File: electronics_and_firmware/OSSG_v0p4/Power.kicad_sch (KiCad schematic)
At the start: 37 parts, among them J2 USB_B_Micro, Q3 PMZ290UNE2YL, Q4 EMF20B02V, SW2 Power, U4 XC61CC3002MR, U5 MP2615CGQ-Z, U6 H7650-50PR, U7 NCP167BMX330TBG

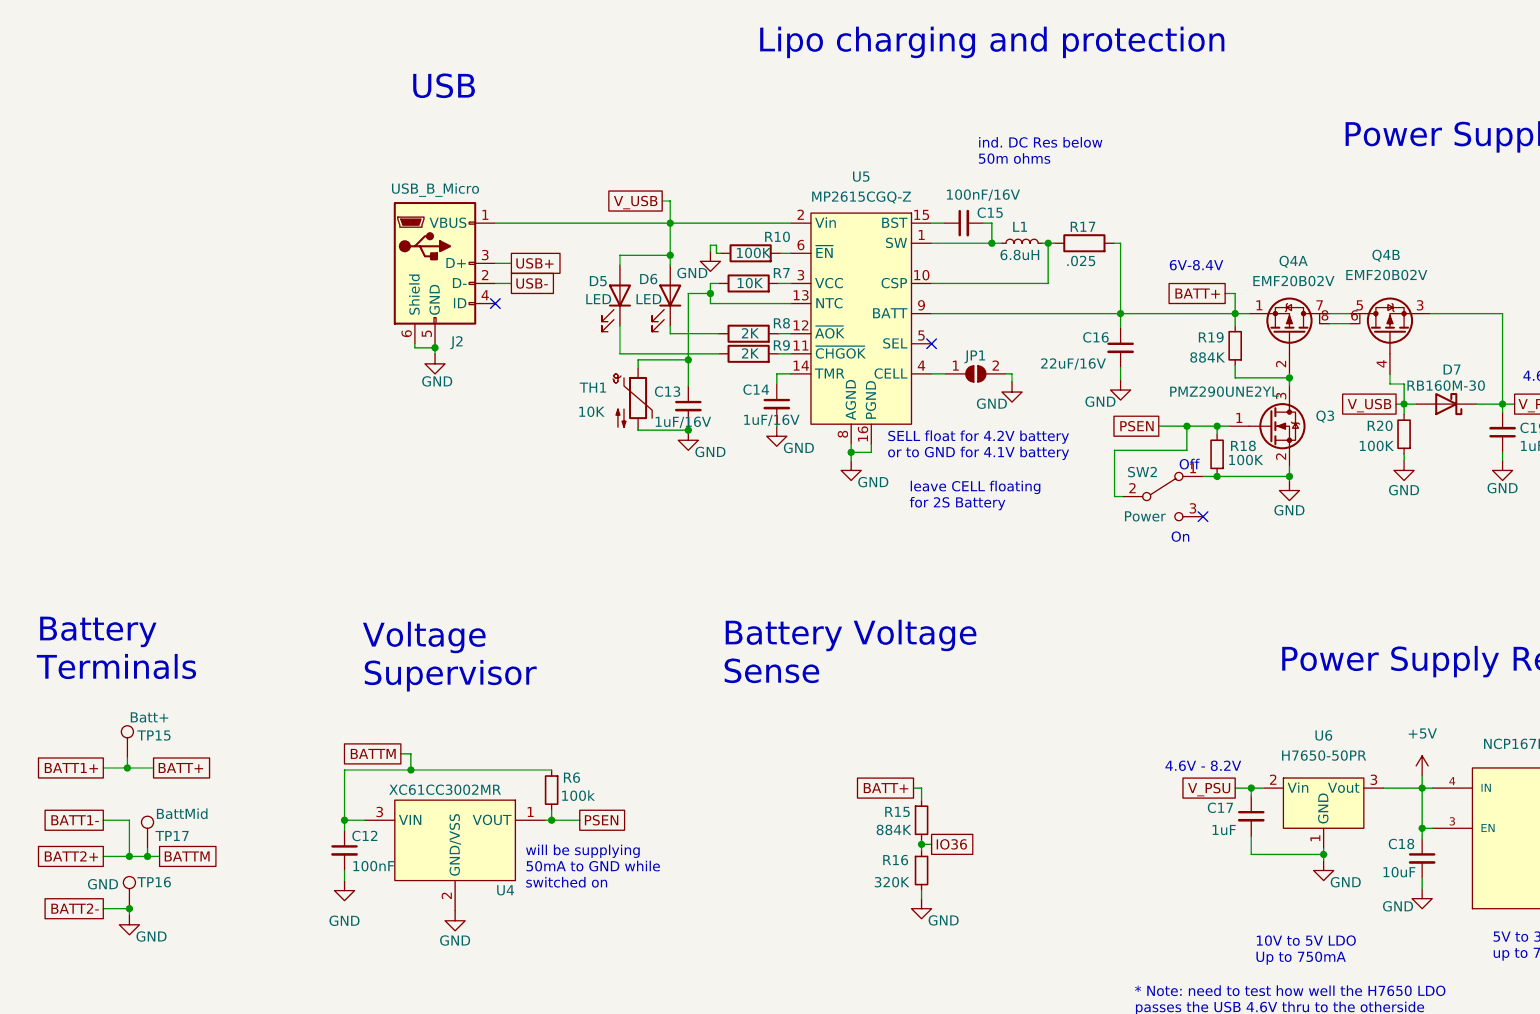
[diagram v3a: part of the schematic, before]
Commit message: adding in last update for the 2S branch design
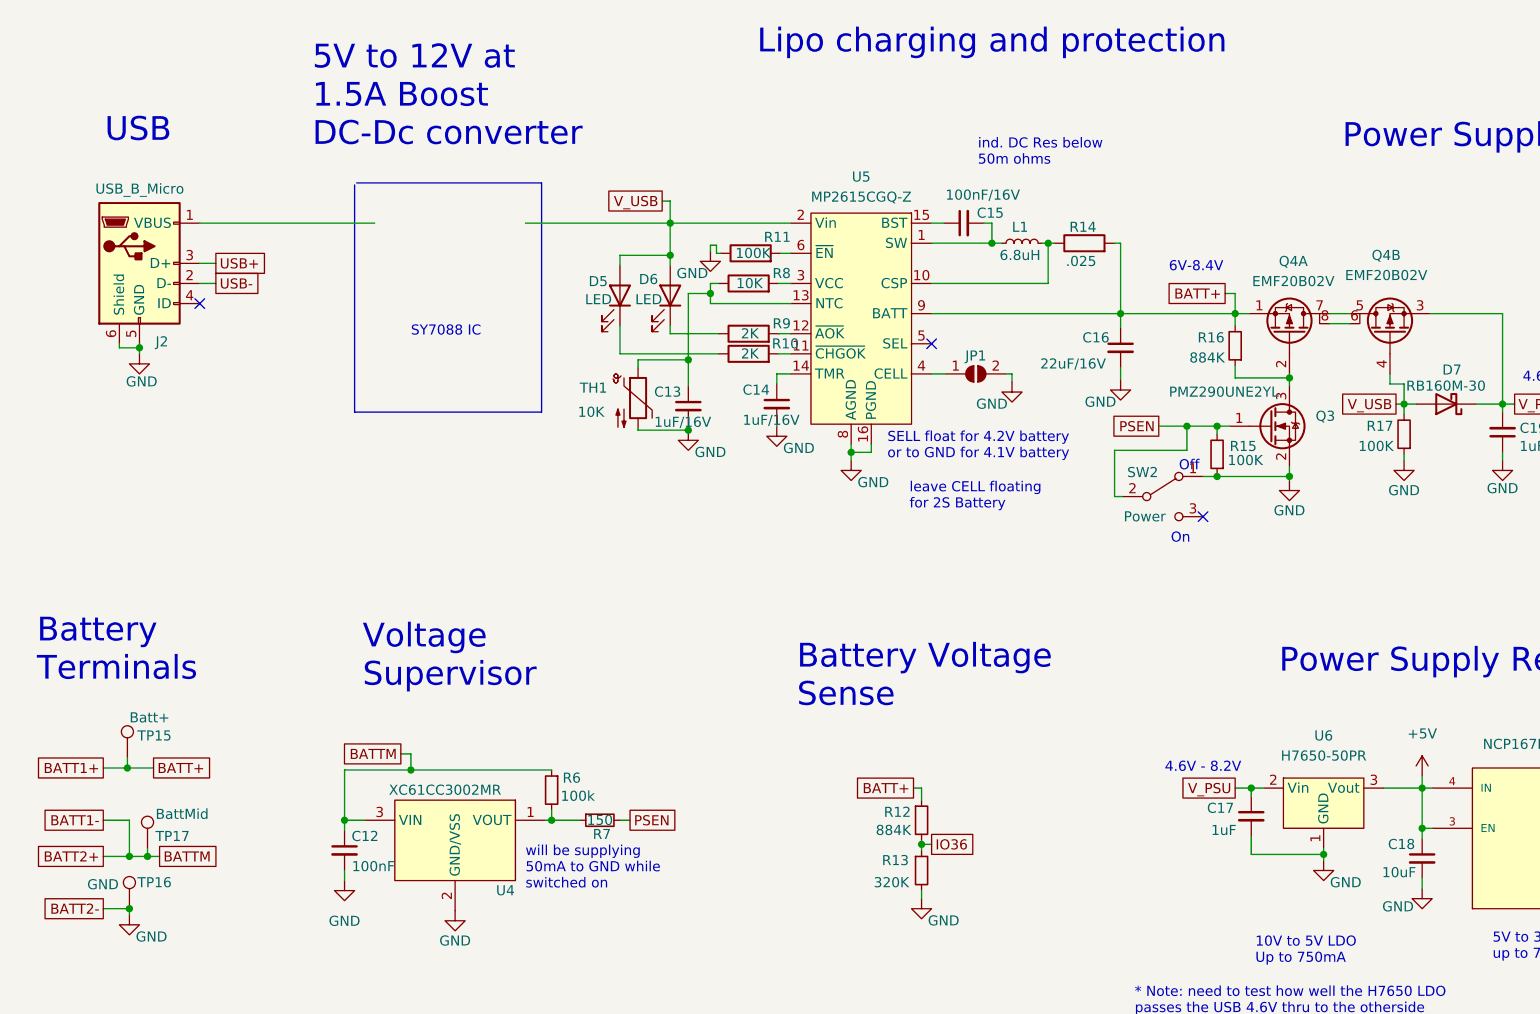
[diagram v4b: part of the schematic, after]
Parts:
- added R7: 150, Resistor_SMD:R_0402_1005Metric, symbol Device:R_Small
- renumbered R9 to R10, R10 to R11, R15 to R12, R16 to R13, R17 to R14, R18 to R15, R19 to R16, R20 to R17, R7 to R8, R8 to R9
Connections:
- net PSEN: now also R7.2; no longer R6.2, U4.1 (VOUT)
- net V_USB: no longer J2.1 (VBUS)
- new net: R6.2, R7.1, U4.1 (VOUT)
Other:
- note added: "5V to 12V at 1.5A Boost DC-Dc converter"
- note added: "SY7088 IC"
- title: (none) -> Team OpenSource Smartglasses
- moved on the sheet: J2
----------------------------------------
Reproduce exactly the lines that run from the start of the records to the line with "At the start: 37", both included.

**Result of this task:**
File: electronics_and_firmware/OSSG_v0p4/Power.kicad_sch (KiCad schematic)
At the start: 37 parts, among them J2 USB_B_Micro, Q3 PMZ290UNE2YL, Q4 EMF20B02V, SW2 Power, U4 XC61CC3002MR, U5 MP2615CGQ-Z, U6 H7650-50PR, U7 NCP167BMX330TBG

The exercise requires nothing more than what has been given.